Var verharrte lange Zeit im Schweigen. Schließlich aber sah er alles klar vor sich.

»Wir müssen zurück nach Amerika, müssen ihnen berichten, was wir wissen. Wir haben die übrige Welt gesehen und wissen nun, daß das, was wir zu Hause haben, das Beste ist. Wir dürfen es nicht zerstören durch das Imperium. Helicon muß wieder aufgebaut werden, die Nomadenstämme müssen sich wieder auflösen, die Feuerwaffen müssen abgeschafft werden. Wir werden nach Amerika gehen und es ihnen sagen.«

»Ja, mein Gatte«, sagte Soli. Sie bewunderte den neuen, machtvollen Ton in Vars Sprache.

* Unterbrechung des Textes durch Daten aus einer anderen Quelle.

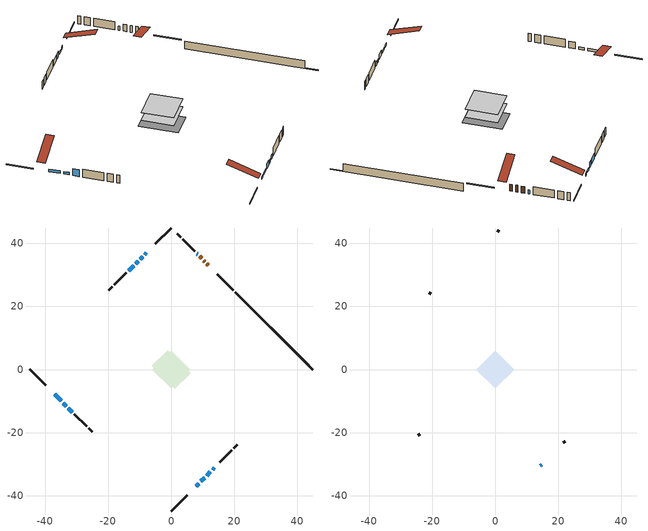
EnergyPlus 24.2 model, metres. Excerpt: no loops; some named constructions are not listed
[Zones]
conditioned space
 floor adiabatic (AdiabaticFloorConstruction): -6.03,0 0,6.03 6.03,0 0,-6.03 z0.92
 floor foundation (Slab1 construction): -6.14,1.19 -1.19,6.14 6.14,-1.19 1.19,-6.14 z-1.52
 wall outside (RimJoist1 construction): 0,-44.92 5.04,-39.88 / -44.92,0 -39.88,-5.04 / 0,44.92 -5.04,39.88 / 19.69,25.23 14.66,30.26 z0.92:1.22
 wall outside (AdiabaticWallConstruction 1): 11.79,33.13 11.34,33.58 / 10.68,34.24 10.32,34.6 / 9.66,35.26 9.04,35.88 z0.92:2.95
 wall outside (AdiabaticWallConstruction): -7.9,37.02 -8.46,36.46 / 13.1,-31.82 13.66,-31.26 z0.92:1.71; -9.11,35.81 -9.88,35.04 z0.92:1.56; 7.9,-37.02 8.72,-36.2 / 9.38,-35.54 10.58,-34.34 z0.92:1.58; -37.02,-7.9 -34.94,-9.98 z0.92:1.68; -10.54,34.38 -11.3,33.62 / -11.95,32.97 -13.55,31.37 z0.92:2.52; 11.24,-33.68 12.44,-32.48 z0.92:2.47; -34.28,-10.64 -33.3,-11.62 z0.92:1.66; -32.64,-12.28 -31.38,-13.54 z0.92:2.95; 8.38,36.54 8.11,36.81 z0.92:2.14
 wall outside (Wall1 construction): 15.4,-29.52 19.25,-25.67 / -30.73,-14.19 -26.88,-18.04 / -14.21,30.71 -18.05,26.87 / 7.45,37.47 3.61,41.31 z0.92:3.36
 wall outside (Wall2 construction): 19.9,-25.02 21,-23.92 / -26.22,-18.7 -25.13,-19.79 / -18.71,26.21 -19.81,25.11 / 2.95,41.97 1.85,43.07 z0.92:3.36
 wall foundation (FoundationWall1 construction): 20.35,24.57,-1.52 20.35,24.57,0.92 42.46,2.46,0.92 42.46,2.46,-1.28 44.92,0,-1.28 44.92,0,-1.52
 window (WindowConstruction): -7.9,37.02 -8.45,36.47 z0.92:1.71
 window (WindowConstruction 8): -9.11,35.81 -9.88,35.04 z0.92:1.55
 window (WindowConstruction 9): 7.9,-37.02 8.72,-36.2 z0.92:1.58
 window (WindowConstruction 10): 9.38,-35.54 10.58,-34.34 z0.92:1.58
 window (WindowConstruction 11): -37.02,-7.9 -34.94,-9.98 z0.92:1.68
 window (WindowConstruction 1): -10.54,34.38 -11.29,33.63 z0.92:2.52
 window (WindowConstruction 2): -11.95,32.97 -13.55,31.37 z0.92:2.52
 window (WindowConstruction 3): 11.24,-33.68 12.44,-32.48 z0.92:2.47
 window (WindowConstruction 4): 13.1,-31.82 13.66,-31.26 z0.92:1.71
 window (WindowConstruction 5): -34.28,-10.64 -33.3,-11.62 z0.92:1.66
 window (WindowConstruction 6): -32.64,-12.28 -31.38,-13.54 z0.92:2.95
 window (WindowConstruction 7): 8.38,36.54 8.11,36.81 z0.92:2.14
 door (Door): 11.79,33.13 11.34,33.58 z0.92:2.95
 door (Door 1): 10.68,34.24 10.32,34.6 z0.92:2.95
 door (Door 2): 9.66,35.26 9.04,35.88 z0.92:2.95
 ceiling adiabatic (AdiabaticFloorConstruction): 0,-6.03 6.03,0 0,6.03 -6.03,0 z0.92
attic - vented
 floor to conditioned space (Floor1 construction Reversed): -6.03,0 0,6.03 6.03,0 0,-6.03 z3.36
 wall outside (AdiabaticWallConstruction): 14.31,-30.61 14.75,-30.17 z0.92:2.14
 wall outside (Wall3 construction): 21.66,-23.26 22.2,-22.72 / -24.47,-20.45 -23.93,-20.99 / -20.46,24.46 -21,23.92 / 1.2,43.72 0.66,44.26 z0.92:3.36
 window (WindowConstruction 12): 14.31,-30.61 14.75,-30.17 z0.92:2.14
 roof outside (Roof1 construction): 7.24,-37.68,3.36 1.37,-31.81,6.13 -0.18,-33.36,6.13 5.69,-39.23,3.36; -37.68,-7.24,3.36 -31.81,-1.37,6.13 -33.36,0.18,6.13 -39.23,-5.69,3.36; -7.24,37.68,3.36 -1.37,31.81,6.13 0.18,33.36,6.13 -5.69,39.23,3.36; 12.45,32.47,3.36 6.58,26.6,6.13 8.13,25.05,6.13 14,30.92,3.36
[Material] Roughness=Rough; Thermal Absorptance=0.9
Name | Thickness {m} | Conductivity {W/m-K} | Density {kg/m3} | Specific Heat {J/kg-K} | Solar Absorptance | Visible Absorptance
ceiling loosefill ins | 0.254 | 0.0480833 | 16.02 | 1046.75 | 0.7 | 0.7
ceiling stud and cavity | 0.1397 | 0.181134 | 65.682 | 1177.47 | 0.7 | 0.7
gypsum board | 0.0127 | 0.160291 | 801 | 837.4 | 0.6 | 0.6
[Construction]
Floor1 construction: ceiling loosefill ins, ceiling stud and cavity, gypsum board
[EnergyManagementSystem:OutputVariable] Type of Data in Variable=Summed; Update Frequency=ZoneTimestep
Name | EMS Variable | EMS Program or Subroutine | Units
loads_htg_ducts_annual_outvar; Energy Management System Output Variable 22 | loads_htg_ducts | component_loads_program | J
loads_htg_intgains_annual_outvar; Energy Management System Output Variable 23 | loads_htg_intgains | component_loads_program | J
loads_htg_lighting_annual_outvar; Energy Management System Output Variable 24 | loads_htg_lighting | component_loads_program | J
loads_clg_roofs_annual_outvar; Energy Management System Output Variable 25 | loads_clg_roofs | component_loads_program | J
loads_clg_ceilings_annual_outvar; Energy Management System Output Variable 26 | loads_clg_ceilings | component_loads_program | J
loads_clg_walls_annual_outvar; Energy Management System Output Variable 27 | loads_clg_walls | component_loads_program | J
loads_clg_rim_joists_annual_outvar; Energy Management System Output Variable 28 | loads_clg_rim_joists | component_loads_program | J
loads_clg_foundation_walls_annual_outvar; Energy Management System Output Variable 29 | loads_clg_foundation_walls | component_loads_program | J
loads_clg_doors_annual_outvar; Energy Management System Output Variable 30 | loads_clg_doors | component_loads_program | J
loads_clg_windows_conduction_annual_outvar; Energy Management System Output Variable 31 | loads_clg_windows_conduction | component_loads_program | J
loads_clg_windows_solar_annual_outvar; Energy Management System Output Variable 32 | loads_clg_windows_solar | component_loads_program | J
loads_clg_skylights_conduction_annual_outvar; Energy Management System Output Variable 33 | loads_clg_skylights_conduction | component_loads_program | J
loads_clg_skylights_solar_annual_outvar; Energy Management System Output Variable 34 | loads_clg_skylights_solar | component_loads_program | J
loads_clg_floors_annual_outvar; Energy Management System Output Variable 35 | loads_clg_floors | component_loads_program | J
loads_clg_slabs_annual_outvar; Energy Management System Output Variable 36 | loads_clg_slabs | component_loads_program | J
loads_clg_internal_mass_annual_outvar; Energy Management System Output Variable 37 | loads_clg_internal_mass | component_loads_program | J
loads_clg_infil_annual_outvar; Energy Management System Output Variable 38 | loads_clg_infil | component_loads_program | J
loads_clg_natvent_annual_outvar; Energy Management System Output Variable 39 | loads_clg_natvent | component_loads_program | J
loads_clg_mechvent_annual_outvar; Energy Management System Output Variable 40 | loads_clg_mechvent | component_loads_program | J
loads_clg_whf_annual_outvar; Energy Management System Output Variable 41 | loads_clg_whf | component_loads_program | J
loads_clg_ducts_annual_outvar; Energy Management System Output Variable 42 | loads_clg_ducts | component_loads_program | J
loads_clg_intgains_annual_outvar; Energy Management System Output Variable 43 | loads_clg_intgains | component_loads_program | J
loads_clg_lighting_annual_outvar; Energy Management System Output Variable 44 | loads_clg_lighting | component_loads_program | J
loads_htg_tot_annual_outvar; Energy Management System Output Variable 1; Energy Management System Output Variable 45 | loads_htg_tot | total_loads_program | J
loads_clg_tot_annual_outvar; Energy Management System Output Variable 2; Energy Management System Output Variable 46 | loads_clg_tot | total_loads_program | J
Energy Management System Output Variable 3 | htg_unmet_hours | unmet_hours_program | hr
Energy Management System Output Variable 4 | clg_unmet_hours | unmet_hours_program | hr
Energy Management System Output Variable 5 | loads_htg_roofs | component_loads_program | J
Energy Management System Output Variable 6 | loads_htg_ceilings | component_loads_program | J
Energy Management System Output Variable 7 | loads_htg_walls | component_loads_program | J
Energy Management System Output Variable 8 | loads_htg_rim_joists | component_loads_program | J
Energy Management System Output Variable 9 | loads_htg_foundation_walls | component_loads_program | J
Energy Management System Output Variable 10 | loads_htg_doors | component_loads_program | J
Energy Management System Output Variable 11 | loads_htg_windows_conduction | component_loads_program | J
Energy Management System Output Variable 12 | loads_htg_windows_solar | component_loads_program | J
Energy Management System Output Variable 13 | loads_htg_skylights_conduction | component_loads_program | J
Energy Management System Output Variable 14 | loads_htg_skylights_solar | component_loads_program | J
Energy Management System Output Variable 15 | loads_htg_floors | component_loads_program | J
Energy Management System Output Variable 16 | loads_htg_slabs | component_loads_program | J
Energy Management System Output Variable 17 | loads_htg_internal_mass | component_loads_program | J
Energy Management System Output Variable 18 | loads_htg_infil | component_loads_program | J
Energy Management System Output Variable 19 | loads_htg_natvent | component_loads_program | J
Energy Management System Output Variable 20 | loads_htg_mechvent | component_loads_program | J
Energy Management System Output Variable 21 | loads_htg_whf | component_loads_program | J
[Schedule:Day:Interval]
interior lighting schedule day: No, 01:00, 0.108182, 04:00, 0.0901515, 05:00, 0.0991667, 06:00, 0.162273, 07:00, 0.270455, 08:00, 0.342576, 10:00, 0.369621, 11:00, 0.351591, 12:00, 0.333561, 13:00, 0.324545, 14:00, 0.31553, 15:00, 0.333561, 16:00, 0.369621, 17:00, 0.450758, 18:00, 0.585985, 19:00, 0.775303, 20:00, 0.955606, 21:00, 0.991667, 22:00, 0.712197, 23:00, 0.360606, 24:00, 0.162273
interior lighting schedule day 1: No, 01:00, 0.100909, 04:00, 0.0840909, 05:00, 0.0925, 06:00, 0.151364, 07:00, 0.252273, 08:00, 0.319545, 10:00, 0.344773, 11:00, 0.327955, 12:00, 0.311136, 13:00, 0.302727, 14:00, 0.294318, 15:00, 0.311136, 16:00, 0.344773, 17:00, 0.420455, 18:00, 0.546591, 19:00, 0.723182, 20:00, 0.891364, 21:00, 0.925, 22:00, 0.664318, 23:00, 0.336364, 24:00, 0.151364
interior lighting schedule day 2: No, 01:00, 0.0927273, 04:00, 0.0772727, 05:00, 0.085, 06:00, 0.139091, 07:00, 0.231818, 08:00, 0.293636, 10:00, 0.316818, 11:00, 0.301364, 12:00, 0.285909, 13:00, 0.278182, 14:00, 0.270455, 15:00, 0.285909, 16:00, 0.316818, 17:00, 0.386364, 18:00, 0.502273, 19:00, 0.664545, 20:00, 0.819091, 21:00, 0.85, 22:00, 0.610455, 23:00, 0.309091, 24:00, 0.139091
interior lighting schedule day 3: No, 01:00, 0.0845455, 04:00, 0.0704545, 05:00, 0.0775, 06:00, 0.126818, 07:00, 0.211364, 08:00, 0.267727, 10:00, 0.288864, 11:00, 0.274773, 12:00, 0.260682, 13:00, 0.253636, 14:00, 0.246591, 15:00, 0.260682, 16:00, 0.288864, 17:00, 0.352273, 18:00, 0.457955, 19:00, 0.605909, 20:00, 0.746818, 21:00, 0.775, 22:00, 0.556591, 23:00, 0.281818, 24:00, 0.126818
interior lighting schedule day 4: No, 01:00, 0.0763636, 04:00, 0.0636364, 05:00, 0.07, 06:00, 0.114545, 07:00, 0.190909, 08:00, 0.241818, 10:00, 0.260909, 11:00, 0.248182, 12:00, 0.235455, 13:00, 0.229091, 14:00, 0.222727, 15:00, 0.235455, 16:00, 0.260909, 17:00, 0.318182, 18:00, 0.413636, 19:00, 0.547273, 20:00, 0.674545, 21:00, 0.7, 22:00, 0.502727, 23:00, 0.254545, 24:00, 0.114545
interior lighting schedule day 5: No, 01:00, 0.0727273, 04:00, 0.0606061, 05:00, 0.0666667, 06:00, 0.109091, 07:00, 0.181818, 08:00, 0.230303, 10:00, 0.248485, 11:00, 0.236364, 12:00, 0.224242, 13:00, 0.218182, 14:00, 0.212121, 15:00, 0.224242, 16:00, 0.248485, 17:00, 0.30303, 18:00, 0.393939, 19:00, 0.521212, 20:00, 0.642424, 21:00, 0.666667, 22:00, 0.478788, 23:00, 0.242424, 24:00, 0.109091
interior lighting schedule day 6: No, 01:00, 0.0745455, 04:00, 0.0621212, 05:00, 0.0683333, 06:00, 0.111818, 07:00, 0.186364, 08:00, 0.236061, 10:00, 0.254697, 11:00, 0.242273, 12:00, 0.229848, 13:00, 0.223636, 14:00, 0.217424, 15:00, 0.229848, 16:00, 0.254697, 17:00, 0.310606, 18:00, 0.403788, 19:00, 0.534242, 20:00, 0.658485, 21:00, 0.683333, 22:00, 0.490758, 23:00, 0.248485, 24:00, 0.111818
interior lighting schedule day 7: No, 01:00, 0.08, 04:00, 0.0666667, 05:00, 0.0733333, 06:00, 0.12, 07:00, 0.2, 08:00, 0.253333, 10:00, 0.273333, 11:00, 0.26, 12:00, 0.246667, 13:00, 0.24, 14:00, 0.233333, 15:00, 0.246667, 16:00, 0.273333, 17:00, 0.333333, 18:00, 0.433333, 19:00, 0.573333, 20:00, 0.706667, 21:00, 0.733333, 22:00, 0.526667, 23:00, 0.266667, 24:00, 0.12
interior lighting schedule day 8: No, 01:00, 0.0890909, 04:00, 0.0742424, 05:00, 0.0816667, 06:00, 0.133636, 07:00, 0.222727, 08:00, 0.282121, 10:00, 0.304394, 11:00, 0.289545, 12:00, 0.274697, 13:00, 0.267273, 14:00, 0.259848, 15:00, 0.274697, 16:00, 0.304394, 17:00, 0.371212, 18:00, 0.482576, 19:00, 0.638485, 20:00, 0.78697, 21:00, 0.816667, 22:00, 0.586515, 23:00, 0.29697, 24:00, 0.133636
interior lighting schedule day 9: No, 01:00, 0.0972727, 04:00, 0.0810606, 05:00, 0.0891667, 06:00, 0.145909, 07:00, 0.243182, 08:00, 0.30803, 10:00, 0.332348, 11:00, 0.316136, 12:00, 0.299924, 13:00, 0.291818, 14:00, 0.283712, 15:00, 0.299924, 16:00, 0.332348, 17:00, 0.405303, 18:00, 0.526894, 19:00, 0.697121, 20:00, 0.859242, 21:00, 0.891667, 22:00, 0.640379, 23:00, 0.324242, 24:00, 0.145909
interior lighting schedule day 10: No, 01:00, 0.105455, 04:00, 0.0878788, 05:00, 0.0966667, 06:00, 0.158182, 07:00, 0.263636, 08:00, 0.333939, 10:00, 0.360303, 11:00, 0.342727, 12:00, 0.325152, 13:00, 0.316364, 14:00, 0.307576, 15:00, 0.325152, 16:00, 0.360303, 17:00, 0.439394, 18:00, 0.571212, 19:00, 0.755758, 20:00, 0.931515, 21:00, 0.966667, 22:00, 0.694242, 23:00, 0.351515, 24:00, 0.158182
interior lighting schedule day 11: No, 01:00, 0.109091, 04:00, 0.0909091, 05:00, 0.1, 06:00, 0.163636, 07:00, 0.272727, 08:00, 0.345455, 10:00, 0.372727, 11:00, 0.354545, 12:00, 0.336364, 13:00, 0.327273, 14:00, 0.318182, 15:00, 0.336364, 16:00, 0.372727, 17:00, 0.454545, 18:00, 0.590909, 19:00, 0.781818, 20:00, 0.963636, 21:00, 1, 22:00, 0.718182, 23:00, 0.363636, 24:00, 0.163636
interior lighting schedule default day; occupants schedule default day; clothes dryer schedule default day; cooking range schedule default day; mech vent range fan 0 schedule default day; misc plug loads schedule default day; general water use schedule default day; clothes dryer exhaust 0 schedule default day; cooling season schedule day; cooling season schedule day 2; cooling season schedule default day; exterior lighting schedule default day; natural vent schedule default day: No, 24:00, 0
occupants schedule day: No, 05:00, 0.426829, 06:00, 0.719512, 07:00, 1, 08:00, 0.670732, 09:00, 0.329268, 14:00, 0.170732, 15:00, 0.231707, 16:00, 0.329268, 17:00, 0.5, 18:00, 0.670732, 19:00, 0.829268, 21:00, 1, 22:00, 0.853659, 23:00, 0.646341, 24:00, 0.426829
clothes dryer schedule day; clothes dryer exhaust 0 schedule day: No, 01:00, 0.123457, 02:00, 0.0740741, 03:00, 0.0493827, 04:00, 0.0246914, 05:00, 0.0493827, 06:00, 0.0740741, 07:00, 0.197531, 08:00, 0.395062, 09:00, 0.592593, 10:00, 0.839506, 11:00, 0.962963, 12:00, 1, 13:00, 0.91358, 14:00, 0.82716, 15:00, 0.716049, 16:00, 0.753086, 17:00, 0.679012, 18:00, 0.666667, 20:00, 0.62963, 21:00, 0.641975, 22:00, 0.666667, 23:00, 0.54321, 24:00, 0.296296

»Denn Sos und Sol opferten sich für uns und waren am Ende wieder Freunde. Wir dürfen nicht zulassen, daß Amerika in mehrere einander bekämpfende Lager geteilt wird.«

Er legte den Arm um Soli, seine Frau, seine wilde Gefährtin. Und als vor ihnen die Schatten länger wurden, da saßen sie da und blickten nach Osten, dorthin, wo ihre lange Fahrt sie hinführen würde. Morgen begann die Heimreise.